The Director is the root of the Actor hierarchy, which creates all other durable (long lived) actors except StatisticsServer and EventServer. Besides supervision of the child actors it builds the bridge between Playframework and Akka by handing over the Classifier ActorRefs to the controller. Moreover, when trainings of the estimators within BatchTrainer and OnlineTrainer are finished, this actor passes the latest Machine Learning models to the StatisticsServer (see Figure below). For the OnlineTrainer statistics generation is scheduled every 5 seconds.

The Classifier creates a FetchResponseHandler actor and tells the TwitterHandler with a Fetch message (and the ActorRef of the FetchResponseHandler) to get the latest Tweets by a given keyword or query.

Once the TwitterHandler has fetched some Tweets, the FetchResponse is sent to the FetchResponseHandler.

The FetchResponseHandler creates a TrainingModelResponseHandler actor and tells the BatchTrainer and OnlineTrainer to pass the latest model to TrainingResponseHandler. It registers itself as a monitor for TrainingResponseHandler and when this actor terminates it stops itself as well.

The TrainingModelResponseHandler collects the models and vectorized Tweets makes predictions and sends the results to the original sender (the Application controller). The original sender is passed through the ephemeral (short lived) actors, indicated by the yellow dotted line in the figure above.
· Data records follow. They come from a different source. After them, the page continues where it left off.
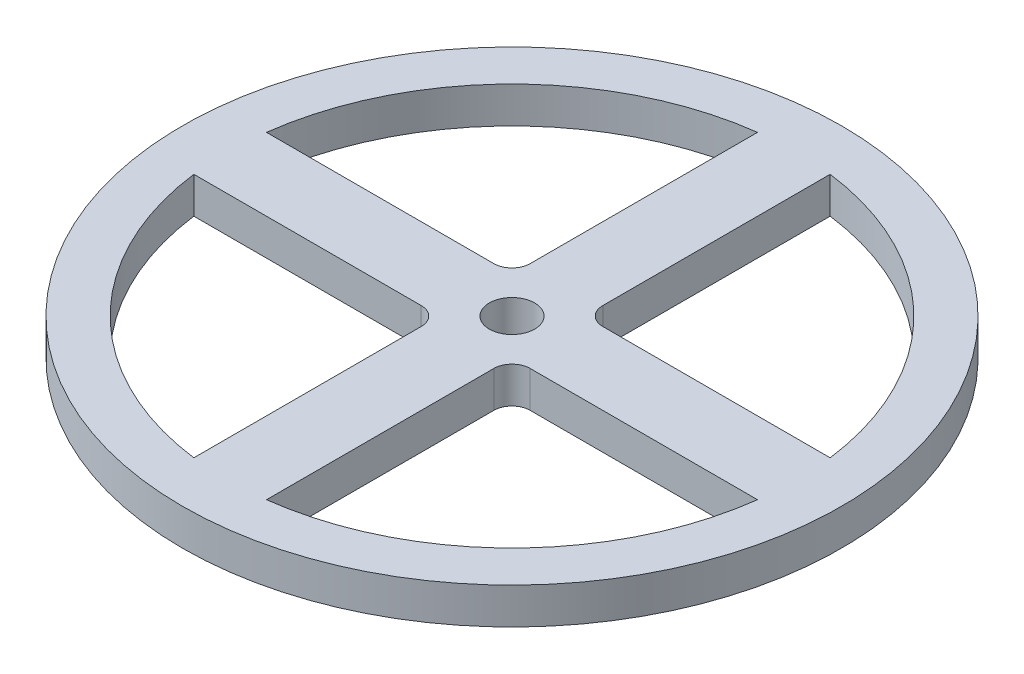
ISO-10303-21;
HEADER;
FILE_DESCRIPTION(('STEP AP214'),'2;1');
FILE_NAME('part.step','',(''),(''),'','','');
FILE_SCHEMA(('AUTOMOTIVE_DESIGN { 1 0 10303 214 1 1 1 1 }'));
ENDSEC;
DATA;
#1=APPLICATION_CONTEXT('core data for automotive mechanical design processes');
#2=APPLICATION_PROTOCOL_DEFINITION('international standard','automotive_design',2000,#1);
#3=PRODUCT_CONTEXT('',#1,'mechanical');
#4=PRODUCT('Part','Part','',(#3));
#5=PRODUCT_RELATED_PRODUCT_CATEGORY('part','',(#4));
#6=PRODUCT_DEFINITION_FORMATION('','',#4);
#7=PRODUCT_DEFINITION_CONTEXT('part definition',#1,'design');
#8=PRODUCT_DEFINITION('design','',#6,#7);
#9=PRODUCT_DEFINITION_SHAPE('','',#8);
#10=(LENGTH_UNIT() NAMED_UNIT(*) SI_UNIT(.MILLI.,.METRE.));
#11=(NAMED_UNIT(*) PLANE_ANGLE_UNIT() SI_UNIT($,.RADIAN.));
#12=(NAMED_UNIT(*) SI_UNIT($,.STERADIAN.) SOLID_ANGLE_UNIT());
#13=UNCERTAINTY_MEASURE_WITH_UNIT(LENGTH_MEASURE(1.E-05),#10,'distance_accuracy_value','');
#14=(GEOMETRIC_REPRESENTATION_CONTEXT(3) GLOBAL_UNCERTAINTY_ASSIGNED_CONTEXT((#13)) GLOBAL_UNIT_ASSIGNED_CONTEXT((#10,
#11,#12)) REPRESENTATION_CONTEXT('',''));
#15=CARTESIAN_POINT('',(0.,0.,0.));
#16=DIRECTION('',(0.,0.,1.));
#17=DIRECTION('',(1.,0.,0.));
#18=AXIS2_PLACEMENT_3D('',#15,#16,#17);
#19=CARTESIAN_POINT('',(0.,4.,4.));
#20=DIRECTION('',(0.,0.,-1.));
#21=DIRECTION('',(-1.,0.,0.));
#22=AXIS2_PLACEMENT_3D('',#19,#20,#21);
#23=PLANE('',#22);
#24=DIRECTION('',(1.,0.,0.));
#25=VECTOR('',#24,1.);
#26=CARTESIAN_POINT('',(0.,0.,4.));
#27=LINE('',#26,#25);
#28=CARTESIAN_POINT('',(-31.0433567772559,0.,4.));
#29=VERTEX_POINT('',#28);
#30=CARTESIAN_POINT('',(-5.99999999999999,0.,4.));
#31=VERTEX_POINT('',#30);
#32=EDGE_CURVE('E222',#29,#31,#27,.T.);
#33=ORIENTED_EDGE('',*,*,#32,.T.);
#34=DIRECTION('',(0.,-1.,0.));
#35=VECTOR('',#34,1.);
#36=CARTESIAN_POINT('',(-5.99999999999999,4.,4.));
#37=LINE('',#36,#35);
#38=CARTESIAN_POINT('',(-5.99999999999999,4.,4.));
#39=VERTEX_POINT('',#38);
#40=EDGE_CURVE('E11',#39,#31,#37,.T.);
#41=ORIENTED_EDGE('',*,*,#40,.F.);
#42=DIRECTION('',(1.,0.,0.));
#43=VECTOR('',#42,1.);
#44=CARTESIAN_POINT('',(0.,4.,4.));
#45=LINE('',#44,#43);
#46=CARTESIAN_POINT('',(-31.0433567772559,4.,4.));
#47=VERTEX_POINT('',#46);
#48=EDGE_CURVE('E163',#47,#39,#45,.T.);
#49=ORIENTED_EDGE('',*,*,#48,.F.);
#50=DIRECTION('',(0.,-1.,0.));
#51=VECTOR('',#50,1.);
#52=CARTESIAN_POINT('',(-31.0433567772559,4.,4.));
#53=LINE('',#52,#51);
#54=EDGE_CURVE('E55',#47,#29,#53,.T.);
#55=ORIENTED_EDGE('',*,*,#54,.T.);
#56=EDGE_LOOP('',(#33,#41,#49,#55));
#57=FACE_BOUND('',#56,.T.);
#58=ADVANCED_FACE('F36',(#57),#23,.F.);
#59=CARTESIAN_POINT('',(-5.99999999999999,4.,6.));
#60=DIRECTION('',(0.,-1.,0.));
#61=DIRECTION('',(0.,0.,-1.));
#62=AXIS2_PLACEMENT_3D('',#59,#60,#61);
#63=CYLINDRICAL_SURFACE('',#62,2.);
#64=CARTESIAN_POINT('',(-5.99999999999999,0.,6.));
#65=DIRECTION('',(0.,1.,0.));
#66=DIRECTION('',(0.,0.,1.));
#67=AXIS2_PLACEMENT_3D('',#64,#65,#66);
#68=CIRCLE('',#67,2.);
#69=CARTESIAN_POINT('',(-3.99999999999999,0.,6.));
#70=VERTEX_POINT('',#69);
#71=EDGE_CURVE('E169',#31,#70,#68,.F.);
#72=ORIENTED_EDGE('',*,*,#71,.T.);
#73=DIRECTION('',(0.,-1.,0.));
#74=VECTOR('',#73,1.);
#75=CARTESIAN_POINT('',(-3.99999999999999,4.,6.));
#76=LINE('',#75,#74);
#77=CARTESIAN_POINT('',(-3.99999999999999,4.,6.));
#78=VERTEX_POINT('',#77);
#79=EDGE_CURVE('E46',#78,#70,#76,.T.);
#80=ORIENTED_EDGE('',*,*,#79,.F.);
#81=CARTESIAN_POINT('',(-5.99999999999999,4.,6.));
#82=DIRECTION('',(0.,1.,0.));
#83=DIRECTION('',(0.,0.,1.));
#84=AXIS2_PLACEMENT_3D('',#81,#82,#83);
#85=CIRCLE('',#84,2.);
#86=EDGE_CURVE('E157',#39,#78,#85,.F.);
#87=ORIENTED_EDGE('',*,*,#86,.F.);
#88=ORIENTED_EDGE('',*,*,#40,.T.);
#89=EDGE_LOOP('',(#72,#80,#87,#88));
#90=FACE_BOUND('',#89,.T.);
#91=ADVANCED_FACE('F168',(#90),#63,.F.);
#92=CARTESIAN_POINT('',(-3.99999999999999,4.,0.));
#93=DIRECTION('',(1.,0.,0.));
#94=DIRECTION('',(0.,0.,-1.));
#95=AXIS2_PLACEMENT_3D('',#92,#93,#94);
#96=PLANE('',#95);
#97=DIRECTION('',(0.,0.,1.));
#98=VECTOR('',#97,1.);
#99=CARTESIAN_POINT('',(-3.99999999999999,0.,0.));
#100=LINE('',#99,#98);
#101=CARTESIAN_POINT('',(-3.99999999999999,0.,31.0433567772559));
#102=VERTEX_POINT('',#101);
#103=EDGE_CURVE('E225',#70,#102,#100,.T.);
#104=ORIENTED_EDGE('',*,*,#103,.T.);
#105=DIRECTION('',(0.,-1.,0.));
#106=VECTOR('',#105,1.);
#107=CARTESIAN_POINT('',(-3.99999999999999,4.,31.0433567772559));
#108=LINE('',#107,#106);
#109=CARTESIAN_POINT('',(-3.99999999999999,4.,31.0433567772559));
#110=VERTEX_POINT('',#109);
#111=EDGE_CURVE('E106',#110,#102,#108,.T.);
#112=ORIENTED_EDGE('',*,*,#111,.F.);
#113=DIRECTION('',(0.,0.,1.));
#114=VECTOR('',#113,1.);
#115=CARTESIAN_POINT('',(-3.99999999999999,4.,0.));
#116=LINE('',#115,#114);
#117=EDGE_CURVE('E162',#78,#110,#116,.T.);
#118=ORIENTED_EDGE('',*,*,#117,.F.);
#119=ORIENTED_EDGE('',*,*,#79,.T.);
#120=EDGE_LOOP('',(#104,#112,#118,#119));
#121=FACE_BOUND('',#120,.T.);
#122=ADVANCED_FACE('F173',(#121),#96,.F.);
#123=CARTESIAN_POINT('',(0.,4.,0.));
#124=DIRECTION('',(0.,-1.,0.));
#125=DIRECTION('',(0.,0.,-1.));
#126=AXIS2_PLACEMENT_3D('',#123,#124,#125);
#127=CYLINDRICAL_SURFACE('',#126,31.3);
#128=CARTESIAN_POINT('',(0.,0.,0.));
#129=DIRECTION('',(0.,1.,0.));
#130=DIRECTION('',(0.,0.,1.));
#131=AXIS2_PLACEMENT_3D('',#128,#129,#130);
#132=CIRCLE('',#131,31.3);
#133=CARTESIAN_POINT('',(-3.99999999999999,0.,-31.0433567772559));
#134=VERTEX_POINT('',#133);
#135=CARTESIAN_POINT('',(-31.0433567772559,0.,-4.));
#136=VERTEX_POINT('',#135);
#137=EDGE_CURVE('E204',#134,#136,#132,.T.);
#138=ORIENTED_EDGE('',*,*,#137,.F.);
#139=DIRECTION('',(0.,-1.,0.));
#140=VECTOR('',#139,1.);
#141=CARTESIAN_POINT('',(-3.99999999999999,4.,-31.0433567772559));
#142=LINE('',#141,#140);
#143=CARTESIAN_POINT('',(-3.99999999999999,4.,-31.0433567772559));
#144=VERTEX_POINT('',#143);
#145=EDGE_CURVE('E232',#144,#134,#142,.T.);
#146=ORIENTED_EDGE('',*,*,#145,.F.);
#147=CARTESIAN_POINT('',(0.,4.,0.));
#148=DIRECTION('',(0.,1.,0.));
#149=DIRECTION('',(0.,0.,1.));
#150=AXIS2_PLACEMENT_3D('',#147,#148,#149);
#151=CIRCLE('',#150,31.3);
#152=CARTESIAN_POINT('',(-31.0433567772559,4.,-4.));
#153=VERTEX_POINT('',#152);
#154=EDGE_CURVE('E292',#144,#153,#151,.T.);
#155=ORIENTED_EDGE('',*,*,#154,.T.);
#156=DIRECTION('',(0.,-1.,0.));
#157=VECTOR('',#156,1.);
#158=CARTESIAN_POINT('',(-31.0433567772559,4.,-4.));
#159=LINE('',#158,#157);
#160=EDGE_CURVE('E234',#153,#136,#159,.T.);
#161=ORIENTED_EDGE('',*,*,#160,.T.);
#162=EDGE_LOOP('',(#138,#146,#155,#161));
#163=FACE_BOUND('',#162,.T.);
#164=ADVANCED_FACE('F354',(#163),#127,.F.);
#165=CARTESIAN_POINT('',(-4.,4.,0.));
#166=DIRECTION('',(1.,0.,0.));
#167=DIRECTION('',(0.,0.,-1.));
#168=AXIS2_PLACEMENT_3D('',#165,#166,#167);
#169=PLANE('',#168);
#170=DIRECTION('',(0.,0.,1.));
#171=VECTOR('',#170,1.);
#172=CARTESIAN_POINT('',(-4.,0.,0.));
#173=LINE('',#172,#171);
#174=CARTESIAN_POINT('',(-3.99999999999999,0.,-6.));
#175=VERTEX_POINT('',#174);
#176=EDGE_CURVE('E207',#134,#175,#173,.T.);
#177=ORIENTED_EDGE('',*,*,#176,.T.);
#178=DIRECTION('',(0.,-1.,0.));
#179=VECTOR('',#178,1.);
#180=CARTESIAN_POINT('',(-3.99999999999999,4.,-6.));
#181=LINE('',#180,#179);
#182=CARTESIAN_POINT('',(-3.99999999999999,4.,-6.));
#183=VERTEX_POINT('',#182);
#184=EDGE_CURVE('E239',#183,#175,#181,.T.);
#185=ORIENTED_EDGE('',*,*,#184,.F.);
#186=DIRECTION('',(0.,0.,1.));
#187=VECTOR('',#186,1.);
#188=CARTESIAN_POINT('',(-4.,4.,0.));
#189=LINE('',#188,#187);
#190=EDGE_CURVE('E295',#144,#183,#189,.T.);
#191=ORIENTED_EDGE('',*,*,#190,.F.);
#192=ORIENTED_EDGE('',*,*,#145,.T.);
#193=EDGE_LOOP('',(#177,#185,#191,#192));
#194=FACE_BOUND('',#193,.T.);
#195=ADVANCED_FACE('F350',(#194),#169,.F.);
#196=CARTESIAN_POINT('',(-5.99999999999999,4.,-6.));
#197=DIRECTION('',(0.,-1.,0.));
#198=DIRECTION('',(0.,0.,-1.));
#199=AXIS2_PLACEMENT_3D('',#196,#197,#198);
#200=CYLINDRICAL_SURFACE('',#199,2.);
#201=CARTESIAN_POINT('',(-5.99999999999999,0.,-6.));
#202=DIRECTION('',(0.,1.,0.));
#203=DIRECTION('',(0.,0.,1.));
#204=AXIS2_PLACEMENT_3D('',#201,#202,#203);
#205=CIRCLE('',#204,2.);
#206=CARTESIAN_POINT('',(-5.99999999999999,0.,-4.));
#207=VERTEX_POINT('',#206);
#208=EDGE_CURVE('E210',#207,#175,#205,.T.);
#209=ORIENTED_EDGE('',*,*,#208,.F.);
#210=DIRECTION('',(0.,-1.,0.));
#211=VECTOR('',#210,1.);
#212=CARTESIAN_POINT('',(-5.99999999999999,4.,-4.));
#213=LINE('',#212,#211);
#214=CARTESIAN_POINT('',(-5.99999999999999,4.,-4.));
#215=VERTEX_POINT('',#214);
#216=EDGE_CURVE('E236',#215,#207,#213,.T.);
#217=ORIENTED_EDGE('',*,*,#216,.F.);
#218=CARTESIAN_POINT('',(-5.99999999999999,4.,-6.));
#219=DIRECTION('',(0.,1.,0.));
#220=DIRECTION('',(0.,0.,1.));
#221=AXIS2_PLACEMENT_3D('',#218,#219,#220);
#222=CIRCLE('',#221,2.);
#223=EDGE_CURVE('E297',#215,#183,#222,.T.);
#224=ORIENTED_EDGE('',*,*,#223,.T.);
#225=ORIENTED_EDGE('',*,*,#184,.T.);
#226=EDGE_LOOP('',(#209,#217,#224,#225));
#227=FACE_BOUND('',#226,.T.);
#228=ADVANCED_FACE('F346',(#227),#200,.F.);
#229=CARTESIAN_POINT('',(0.,4.,0.));
#230=DIRECTION('',(0.,-1.,0.));
#231=DIRECTION('',(0.,0.,-1.));
#232=AXIS2_PLACEMENT_3D('',#229,#230,#231);
#233=CYLINDRICAL_SURFACE('',#232,31.3);
#234=CARTESIAN_POINT('',(0.,0.,0.));
#235=DIRECTION('',(0.,1.,0.));
#236=DIRECTION('',(0.,0.,1.));
#237=AXIS2_PLACEMENT_3D('',#234,#235,#236);
#238=CIRCLE('',#237,31.3);
#239=CARTESIAN_POINT('',(31.0433567772559,0.,-4.));
#240=VERTEX_POINT('',#239);
#241=CARTESIAN_POINT('',(4.00000000000001,0.,-31.0433567772559));
#242=VERTEX_POINT('',#241);
#243=EDGE_CURVE('E192',#240,#242,#238,.T.);
#244=ORIENTED_EDGE('',*,*,#243,.F.);
#245=DIRECTION('',(0.,-1.,0.));
#246=VECTOR('',#245,1.);
#247=CARTESIAN_POINT('',(31.0433567772559,4.,-4.));
#248=LINE('',#247,#246);
#249=CARTESIAN_POINT('',(31.0433567772559,4.,-4.));
#250=VERTEX_POINT('',#249);
#251=EDGE_CURVE('E237',#250,#240,#248,.T.);
#252=ORIENTED_EDGE('',*,*,#251,.F.);
#253=CARTESIAN_POINT('',(0.,4.,0.));
#254=DIRECTION('',(0.,1.,0.));
#255=DIRECTION('',(0.,0.,1.));
#256=AXIS2_PLACEMENT_3D('',#253,#254,#255);
#257=CIRCLE('',#256,31.3);
#258=CARTESIAN_POINT('',(4.00000000000001,4.,-31.0433567772559));
#259=VERTEX_POINT('',#258);
#260=EDGE_CURVE('E274',#250,#259,#257,.T.);
#261=ORIENTED_EDGE('',*,*,#260,.T.);
#262=DIRECTION('',(0.,-1.,0.));
#263=VECTOR('',#262,1.);
#264=CARTESIAN_POINT('',(4.00000000000001,4.,-31.0433567772559));
#265=LINE('',#264,#263);
#266=EDGE_CURVE('E242',#259,#242,#265,.T.);
#267=ORIENTED_EDGE('',*,*,#266,.T.);
#268=EDGE_LOOP('',(#244,#252,#261,#267));
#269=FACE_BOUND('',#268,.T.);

Model Training and Statistics

The following diagram shows the actors involved in training the machine learning estimators and serving statistics about their predictive performance:

Model Training and Statistics

The BatchTrainer receives a Train message as soon as a corpus (a collection of labeled Tweets) has been initialized. This corpus is initialized by the CorpusInitializer and can either be created on-the-fly via Sparks TwitterUtils.createStream (with automatic labeling by using emoticons ":)" and ":(") or a static corpus provided by Sentiment140 which is read from a CSV file. Which one to choose can be configured via ml.corpus.initialization.streamed in application.conf. For batch training we use the high-level org.apache.spark.ml API. We use Grid Search Cross Validation to get the best hyperparameters for our LogisticRegression model.

The OnlineTrainer receives a Train message with a corpus (an RDD[Tweet]) upon successful initialization just like the BatchTrainer. For the online learning approach we use the experimental StreamingLogisticRegressionWithSGD estimator which, as the name implies, uses Stochastic Gradient Descent to update the model continually on each Mini-Batch (RDD) of the DStream created via TwitterUtils.createStream.

The StatisticsServer receives {Online,Batch}TrainerModel messages and creates performance metrics like Accuracy, Area under the ROC Curve and so forth which in turn are forwarded to the subscribed EventListeners and finally sent to the client (browser) via Web Socket.

The EventListener s are created for each client via the Playframeworks built-in WebSocket.acceptWithActor. EventListeners subscribe for EventServer and StatisticsServer. When the connections terminate (e.g. browser window is closed) the respective EventListener shuts down and unsubscribes from EventServer and/or StatisticsServer via postStop().

The EventServer is created by the Application controller and forwards event messages (progress of corpus initialization) to the client (also via Web Socket).